## Required work
Across the entries that follow, how many lines have the word "RequirementInfo" in them? Give only the number.

********************

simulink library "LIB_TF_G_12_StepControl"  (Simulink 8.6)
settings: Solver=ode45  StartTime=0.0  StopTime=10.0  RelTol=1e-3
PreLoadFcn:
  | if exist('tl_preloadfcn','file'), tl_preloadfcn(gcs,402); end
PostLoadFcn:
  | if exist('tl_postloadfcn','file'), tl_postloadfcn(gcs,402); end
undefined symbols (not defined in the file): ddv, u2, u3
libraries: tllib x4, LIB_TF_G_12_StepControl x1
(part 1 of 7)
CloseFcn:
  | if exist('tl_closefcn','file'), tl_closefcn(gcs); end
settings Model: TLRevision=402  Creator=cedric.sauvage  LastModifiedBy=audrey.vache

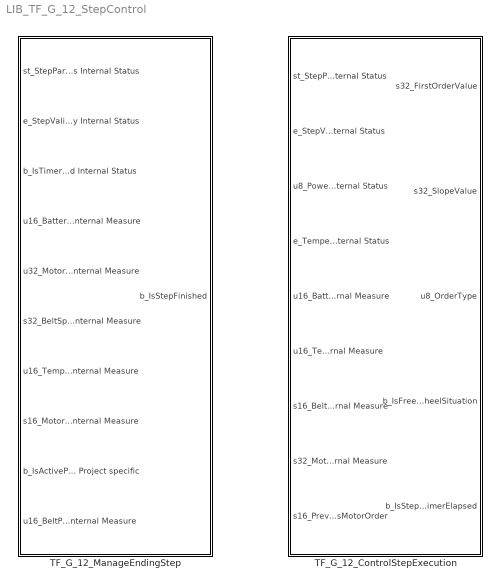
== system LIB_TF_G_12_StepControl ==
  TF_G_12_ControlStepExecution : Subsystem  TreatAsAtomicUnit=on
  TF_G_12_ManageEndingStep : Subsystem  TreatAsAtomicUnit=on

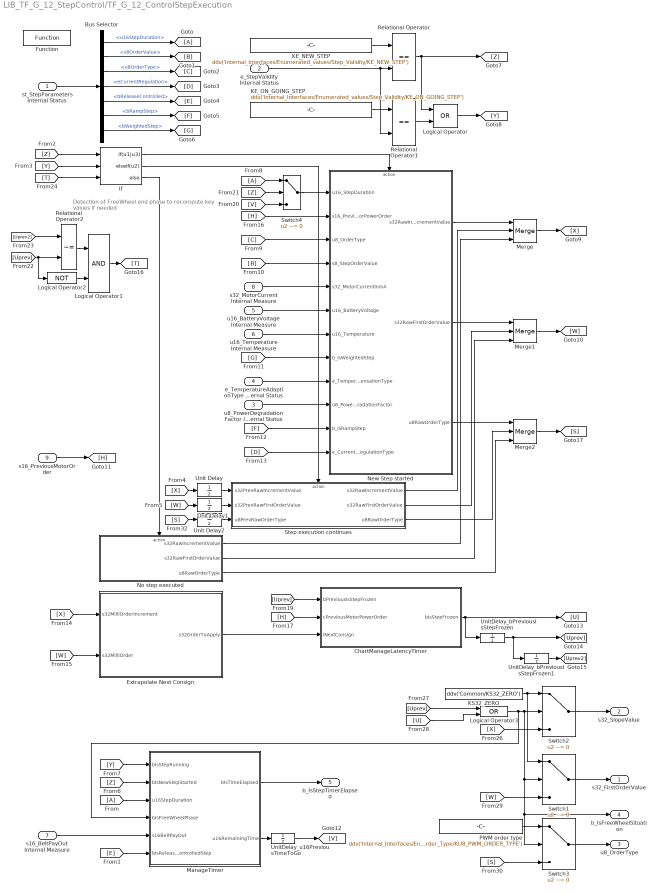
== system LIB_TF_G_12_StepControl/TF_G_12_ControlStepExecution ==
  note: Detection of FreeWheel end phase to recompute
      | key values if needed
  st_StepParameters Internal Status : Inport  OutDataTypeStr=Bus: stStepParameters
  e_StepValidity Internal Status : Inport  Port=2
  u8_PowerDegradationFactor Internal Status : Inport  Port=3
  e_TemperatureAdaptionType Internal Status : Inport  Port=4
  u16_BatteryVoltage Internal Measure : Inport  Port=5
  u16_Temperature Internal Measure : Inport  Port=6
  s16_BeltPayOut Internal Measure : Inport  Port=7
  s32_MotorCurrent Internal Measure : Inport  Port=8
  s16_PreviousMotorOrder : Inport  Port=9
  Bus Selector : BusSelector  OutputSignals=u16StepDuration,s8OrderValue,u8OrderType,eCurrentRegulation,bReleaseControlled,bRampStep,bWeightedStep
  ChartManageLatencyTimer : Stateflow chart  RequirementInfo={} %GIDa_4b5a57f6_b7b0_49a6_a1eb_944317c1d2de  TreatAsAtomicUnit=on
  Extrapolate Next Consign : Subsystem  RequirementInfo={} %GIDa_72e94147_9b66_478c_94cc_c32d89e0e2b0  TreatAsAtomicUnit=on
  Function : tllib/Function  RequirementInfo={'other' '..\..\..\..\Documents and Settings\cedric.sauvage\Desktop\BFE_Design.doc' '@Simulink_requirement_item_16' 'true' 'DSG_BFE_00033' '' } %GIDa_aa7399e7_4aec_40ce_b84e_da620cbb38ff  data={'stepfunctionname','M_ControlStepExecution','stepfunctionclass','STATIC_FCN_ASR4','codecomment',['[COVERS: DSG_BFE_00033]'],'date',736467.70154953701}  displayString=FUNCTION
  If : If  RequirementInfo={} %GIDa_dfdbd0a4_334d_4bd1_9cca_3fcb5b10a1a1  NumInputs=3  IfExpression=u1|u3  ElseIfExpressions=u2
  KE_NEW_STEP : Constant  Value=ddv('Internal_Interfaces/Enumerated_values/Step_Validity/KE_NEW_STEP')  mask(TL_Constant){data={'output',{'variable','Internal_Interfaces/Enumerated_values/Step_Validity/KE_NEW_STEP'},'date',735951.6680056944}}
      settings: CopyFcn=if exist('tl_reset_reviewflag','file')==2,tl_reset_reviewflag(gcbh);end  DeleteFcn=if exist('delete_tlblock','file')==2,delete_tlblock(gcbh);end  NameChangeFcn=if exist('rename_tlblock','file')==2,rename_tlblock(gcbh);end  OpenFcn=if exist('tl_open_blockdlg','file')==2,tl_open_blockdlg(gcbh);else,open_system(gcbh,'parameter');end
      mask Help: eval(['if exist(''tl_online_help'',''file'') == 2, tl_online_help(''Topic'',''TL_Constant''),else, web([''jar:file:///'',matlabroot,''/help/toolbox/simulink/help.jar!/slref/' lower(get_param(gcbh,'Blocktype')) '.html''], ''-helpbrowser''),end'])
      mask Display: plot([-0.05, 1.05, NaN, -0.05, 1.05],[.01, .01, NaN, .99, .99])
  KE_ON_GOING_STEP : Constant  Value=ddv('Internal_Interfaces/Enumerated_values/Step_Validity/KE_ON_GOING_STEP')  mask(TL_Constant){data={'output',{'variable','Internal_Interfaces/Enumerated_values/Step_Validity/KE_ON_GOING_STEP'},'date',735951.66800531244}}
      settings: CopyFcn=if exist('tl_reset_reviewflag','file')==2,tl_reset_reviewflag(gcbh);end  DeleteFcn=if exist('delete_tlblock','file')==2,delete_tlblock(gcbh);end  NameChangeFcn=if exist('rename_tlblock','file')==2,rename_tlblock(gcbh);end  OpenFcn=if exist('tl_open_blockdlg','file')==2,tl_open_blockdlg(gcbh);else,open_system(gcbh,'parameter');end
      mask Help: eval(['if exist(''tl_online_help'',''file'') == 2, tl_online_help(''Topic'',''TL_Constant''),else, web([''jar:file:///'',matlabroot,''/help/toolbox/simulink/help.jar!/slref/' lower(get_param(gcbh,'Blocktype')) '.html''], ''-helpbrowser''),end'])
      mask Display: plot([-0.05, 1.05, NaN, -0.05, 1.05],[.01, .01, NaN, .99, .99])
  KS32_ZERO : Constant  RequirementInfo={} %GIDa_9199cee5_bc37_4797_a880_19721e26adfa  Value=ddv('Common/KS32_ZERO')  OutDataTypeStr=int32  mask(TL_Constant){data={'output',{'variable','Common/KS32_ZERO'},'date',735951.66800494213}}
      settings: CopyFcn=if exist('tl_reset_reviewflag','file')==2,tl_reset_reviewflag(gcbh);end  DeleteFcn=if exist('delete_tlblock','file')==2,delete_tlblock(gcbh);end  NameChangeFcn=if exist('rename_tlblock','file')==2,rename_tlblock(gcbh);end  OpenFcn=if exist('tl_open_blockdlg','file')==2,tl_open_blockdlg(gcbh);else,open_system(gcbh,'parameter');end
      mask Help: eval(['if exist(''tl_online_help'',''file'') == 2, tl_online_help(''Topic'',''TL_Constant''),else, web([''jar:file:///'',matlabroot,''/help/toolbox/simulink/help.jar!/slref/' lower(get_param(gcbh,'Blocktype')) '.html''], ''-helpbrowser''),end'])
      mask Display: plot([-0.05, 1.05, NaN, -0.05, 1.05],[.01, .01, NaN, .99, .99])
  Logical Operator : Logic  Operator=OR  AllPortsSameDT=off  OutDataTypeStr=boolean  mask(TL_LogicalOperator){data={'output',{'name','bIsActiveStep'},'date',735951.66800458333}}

********************

## Your solution
5